Is this a duplicate?

Type of Bug

Silent Failure

Component

Thrust

Describe the bug

thrust::inclusive_scan does not work properly on certain vector sizes and seems to stop midway e.g. [1,2,3,x,x,...,x] (x being the value the result vector was initialized with) After some experiments it seems that -rdc=true causes this behaviour. (changing from debug to release results in the exact same results)
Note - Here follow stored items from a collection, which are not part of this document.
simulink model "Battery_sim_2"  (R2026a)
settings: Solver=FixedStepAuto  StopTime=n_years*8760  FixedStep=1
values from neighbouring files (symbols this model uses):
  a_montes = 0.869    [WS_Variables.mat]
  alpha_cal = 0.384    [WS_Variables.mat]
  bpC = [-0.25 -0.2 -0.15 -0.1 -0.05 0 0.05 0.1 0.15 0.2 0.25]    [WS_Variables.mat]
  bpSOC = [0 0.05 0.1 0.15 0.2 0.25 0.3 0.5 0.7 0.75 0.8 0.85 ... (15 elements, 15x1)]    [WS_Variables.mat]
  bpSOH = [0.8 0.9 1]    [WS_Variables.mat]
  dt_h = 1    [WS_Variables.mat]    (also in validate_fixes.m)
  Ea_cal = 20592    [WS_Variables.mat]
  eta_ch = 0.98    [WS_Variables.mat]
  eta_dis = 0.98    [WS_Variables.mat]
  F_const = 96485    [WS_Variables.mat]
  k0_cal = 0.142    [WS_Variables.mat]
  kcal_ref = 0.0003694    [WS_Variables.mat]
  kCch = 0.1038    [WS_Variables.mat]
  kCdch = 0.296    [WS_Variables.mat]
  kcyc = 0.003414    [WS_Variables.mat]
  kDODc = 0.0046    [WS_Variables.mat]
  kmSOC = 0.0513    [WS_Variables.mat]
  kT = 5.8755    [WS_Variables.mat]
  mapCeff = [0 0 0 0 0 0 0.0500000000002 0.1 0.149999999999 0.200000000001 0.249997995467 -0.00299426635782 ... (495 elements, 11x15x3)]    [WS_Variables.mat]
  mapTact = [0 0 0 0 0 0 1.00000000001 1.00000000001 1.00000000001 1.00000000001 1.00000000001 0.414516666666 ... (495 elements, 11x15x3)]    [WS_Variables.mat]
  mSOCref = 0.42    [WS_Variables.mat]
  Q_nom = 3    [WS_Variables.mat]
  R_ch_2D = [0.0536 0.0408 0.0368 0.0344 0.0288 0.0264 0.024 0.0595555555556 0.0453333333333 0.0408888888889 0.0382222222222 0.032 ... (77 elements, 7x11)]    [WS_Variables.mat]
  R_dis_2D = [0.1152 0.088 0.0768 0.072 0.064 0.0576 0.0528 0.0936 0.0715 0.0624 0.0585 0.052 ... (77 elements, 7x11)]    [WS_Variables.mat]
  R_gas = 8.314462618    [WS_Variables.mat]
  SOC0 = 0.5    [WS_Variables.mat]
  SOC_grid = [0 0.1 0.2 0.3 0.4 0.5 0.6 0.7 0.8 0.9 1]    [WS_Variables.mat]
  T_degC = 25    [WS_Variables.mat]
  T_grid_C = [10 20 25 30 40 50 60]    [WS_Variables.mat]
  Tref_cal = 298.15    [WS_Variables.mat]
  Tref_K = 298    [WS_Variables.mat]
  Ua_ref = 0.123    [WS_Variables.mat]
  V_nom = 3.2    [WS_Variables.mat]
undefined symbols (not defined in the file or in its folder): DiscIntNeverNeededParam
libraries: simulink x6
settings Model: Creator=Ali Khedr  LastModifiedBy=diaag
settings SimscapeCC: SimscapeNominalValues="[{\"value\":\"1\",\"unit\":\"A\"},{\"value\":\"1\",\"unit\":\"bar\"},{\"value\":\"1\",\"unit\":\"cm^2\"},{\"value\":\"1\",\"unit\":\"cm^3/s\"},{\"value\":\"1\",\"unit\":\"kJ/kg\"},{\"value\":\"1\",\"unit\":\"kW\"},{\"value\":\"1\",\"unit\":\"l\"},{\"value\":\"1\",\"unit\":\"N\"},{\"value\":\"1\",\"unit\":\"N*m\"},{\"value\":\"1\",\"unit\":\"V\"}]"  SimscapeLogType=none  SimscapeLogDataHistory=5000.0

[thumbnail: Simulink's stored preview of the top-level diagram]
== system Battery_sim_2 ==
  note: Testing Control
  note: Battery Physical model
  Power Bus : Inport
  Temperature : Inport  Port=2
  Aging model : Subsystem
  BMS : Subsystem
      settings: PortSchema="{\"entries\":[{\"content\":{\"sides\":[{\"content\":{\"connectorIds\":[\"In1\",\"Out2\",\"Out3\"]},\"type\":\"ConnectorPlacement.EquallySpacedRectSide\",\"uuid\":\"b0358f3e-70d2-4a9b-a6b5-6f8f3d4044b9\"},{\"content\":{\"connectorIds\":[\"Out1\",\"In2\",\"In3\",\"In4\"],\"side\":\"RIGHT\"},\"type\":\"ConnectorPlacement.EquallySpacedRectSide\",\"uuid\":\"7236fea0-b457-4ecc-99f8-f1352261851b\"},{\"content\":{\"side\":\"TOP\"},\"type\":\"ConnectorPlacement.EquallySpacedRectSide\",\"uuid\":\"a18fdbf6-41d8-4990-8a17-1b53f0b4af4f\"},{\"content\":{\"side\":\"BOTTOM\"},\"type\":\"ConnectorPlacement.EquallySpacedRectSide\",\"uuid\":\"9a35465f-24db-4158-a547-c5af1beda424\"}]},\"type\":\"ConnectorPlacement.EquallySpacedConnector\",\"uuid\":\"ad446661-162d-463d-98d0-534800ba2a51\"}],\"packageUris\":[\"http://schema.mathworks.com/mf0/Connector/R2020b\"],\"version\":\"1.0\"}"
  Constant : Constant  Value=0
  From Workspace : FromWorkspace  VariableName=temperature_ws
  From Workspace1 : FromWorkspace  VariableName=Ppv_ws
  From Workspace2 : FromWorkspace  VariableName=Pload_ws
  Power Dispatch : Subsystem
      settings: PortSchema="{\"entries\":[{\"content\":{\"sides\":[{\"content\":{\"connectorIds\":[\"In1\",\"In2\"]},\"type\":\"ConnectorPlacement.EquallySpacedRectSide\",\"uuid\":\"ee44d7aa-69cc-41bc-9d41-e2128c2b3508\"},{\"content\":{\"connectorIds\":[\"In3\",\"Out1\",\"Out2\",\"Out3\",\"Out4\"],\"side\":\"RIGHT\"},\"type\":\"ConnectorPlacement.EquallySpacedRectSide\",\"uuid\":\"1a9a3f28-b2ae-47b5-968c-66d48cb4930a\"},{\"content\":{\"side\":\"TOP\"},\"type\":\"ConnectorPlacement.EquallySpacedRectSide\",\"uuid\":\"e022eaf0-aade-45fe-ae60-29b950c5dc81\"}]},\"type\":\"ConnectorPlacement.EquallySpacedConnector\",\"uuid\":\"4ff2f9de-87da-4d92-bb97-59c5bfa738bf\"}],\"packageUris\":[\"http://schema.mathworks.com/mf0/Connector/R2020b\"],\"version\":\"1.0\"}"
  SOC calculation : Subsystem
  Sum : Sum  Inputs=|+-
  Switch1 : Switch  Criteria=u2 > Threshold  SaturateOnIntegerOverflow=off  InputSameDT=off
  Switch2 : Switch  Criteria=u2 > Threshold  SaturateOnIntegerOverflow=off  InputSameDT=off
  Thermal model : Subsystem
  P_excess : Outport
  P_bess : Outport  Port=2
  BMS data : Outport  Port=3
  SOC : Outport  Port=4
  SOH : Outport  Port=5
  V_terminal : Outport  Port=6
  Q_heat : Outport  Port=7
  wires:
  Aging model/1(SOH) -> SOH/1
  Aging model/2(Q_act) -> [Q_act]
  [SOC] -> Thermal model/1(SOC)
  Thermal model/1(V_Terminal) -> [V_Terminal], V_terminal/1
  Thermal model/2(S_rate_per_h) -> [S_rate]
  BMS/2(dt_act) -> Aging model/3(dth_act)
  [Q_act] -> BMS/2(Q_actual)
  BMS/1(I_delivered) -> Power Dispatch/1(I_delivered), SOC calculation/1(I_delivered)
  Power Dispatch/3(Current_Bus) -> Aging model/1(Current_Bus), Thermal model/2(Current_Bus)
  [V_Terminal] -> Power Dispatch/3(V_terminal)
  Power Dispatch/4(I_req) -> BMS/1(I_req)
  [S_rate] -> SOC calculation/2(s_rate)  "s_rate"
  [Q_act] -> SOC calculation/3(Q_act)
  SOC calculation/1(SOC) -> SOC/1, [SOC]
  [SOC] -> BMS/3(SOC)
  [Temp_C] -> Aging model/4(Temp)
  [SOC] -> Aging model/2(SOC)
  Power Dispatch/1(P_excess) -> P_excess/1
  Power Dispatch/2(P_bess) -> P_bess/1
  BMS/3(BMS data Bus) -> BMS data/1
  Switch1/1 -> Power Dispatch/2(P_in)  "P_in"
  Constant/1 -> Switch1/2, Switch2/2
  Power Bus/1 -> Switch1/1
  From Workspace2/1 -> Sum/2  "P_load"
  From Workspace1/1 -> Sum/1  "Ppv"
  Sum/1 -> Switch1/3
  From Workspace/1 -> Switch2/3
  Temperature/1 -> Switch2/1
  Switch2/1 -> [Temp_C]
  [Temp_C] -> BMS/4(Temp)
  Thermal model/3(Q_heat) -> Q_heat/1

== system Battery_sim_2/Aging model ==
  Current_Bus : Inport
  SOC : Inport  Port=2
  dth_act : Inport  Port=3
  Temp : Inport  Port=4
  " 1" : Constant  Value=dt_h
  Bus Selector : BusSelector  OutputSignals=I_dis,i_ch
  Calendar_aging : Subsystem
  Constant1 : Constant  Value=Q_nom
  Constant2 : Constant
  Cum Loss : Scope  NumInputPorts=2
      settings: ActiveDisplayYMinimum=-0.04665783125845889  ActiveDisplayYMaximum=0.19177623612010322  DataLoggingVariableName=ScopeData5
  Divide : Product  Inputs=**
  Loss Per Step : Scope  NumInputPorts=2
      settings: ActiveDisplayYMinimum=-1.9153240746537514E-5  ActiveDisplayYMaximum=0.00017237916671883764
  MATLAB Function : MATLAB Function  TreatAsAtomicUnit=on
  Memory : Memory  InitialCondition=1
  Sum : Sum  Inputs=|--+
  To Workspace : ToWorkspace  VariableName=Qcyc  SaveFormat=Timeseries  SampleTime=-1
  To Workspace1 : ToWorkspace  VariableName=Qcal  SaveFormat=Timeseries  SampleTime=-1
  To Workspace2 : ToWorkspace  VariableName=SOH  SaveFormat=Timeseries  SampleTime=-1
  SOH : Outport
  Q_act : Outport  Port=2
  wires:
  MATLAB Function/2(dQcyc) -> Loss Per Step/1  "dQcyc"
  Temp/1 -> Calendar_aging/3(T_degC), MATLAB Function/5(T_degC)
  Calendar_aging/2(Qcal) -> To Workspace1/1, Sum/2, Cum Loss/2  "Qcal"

Visual Studio Community 2022 -Version 17.11.4

CUDA 12.6 Update 1

How to Reproduce

  1. Download reproduction repo at https://github.com/Olli1080/Cuda-Bug.git
  2. Compile the solution
  3. It outputs the size ranges where inclusive_scan fails
  4. Disable GenerateRelocatableDeviceCode (aka. -rdc=true)
  5. No output is generated indicating that everything works

Log generated on my system:

at iteration: 1537; 0 != 1537
[1537 - 1921]
at iteration: 3073; 0 != 3073
[3073 - 3841]
at iteration: 4609; 0 != 4609
[4609 - 5761]
at iteration: 6145; 0 != 6145
[6145 -

Expected behavior

inclusive_scan should work no matter the status of GenerateRelocatableDeviceCode

Reproduction link

https://github.com/Olli1080/Cuda-Bug.git

Operating System

Windows 11 Pro 10.0.22631

nvidia-smi output

+-----------------------------------------------------------------------------------------+ | NVIDIA-SMI 560.94 Driver Version: 560.94 CUDA Version: 12.6 | |-----------------------------------------+------------------------+----------------------+ | GPU Name Driver-Model | Bus-Id Disp.A | Volatile Uncorr. ECC | | Fan Temp Perf Pwr:Usage/Cap | Memory-Usage | GPU-Util Compute M. | | | | MIG M. | |=========================================+========================+======================| | 0 NVIDIA GeForce RTX 4090 WDDM | 00000000:01:00.0 On | Off | | 0% 38C P8 22W / 450W | 1460MiB / 24564MiB | 4% Default | | | | N/A | +-----------------------------------------+------------------------+----------------------+

NVCC version

nvcc: NVIDIA (R) Cuda compiler driver Copyright (c) 2005-2024 NVIDIA Corporation Built on Wed_Aug_14_10:26:51_Pacific_Daylight_Time_2024 Cuda compilation tools, release 12.6, V12.6.68 Build cuda_12.6.r12.6/compiler.34714021_0

Olli1080 commented 22 hours ago

After some testing i've got the same results for 12.5 Patch 1 and 12.3 Patch 2 (didn't check 12.4). The same behaviour could also be triggered without -rdc=true but instead -ewp.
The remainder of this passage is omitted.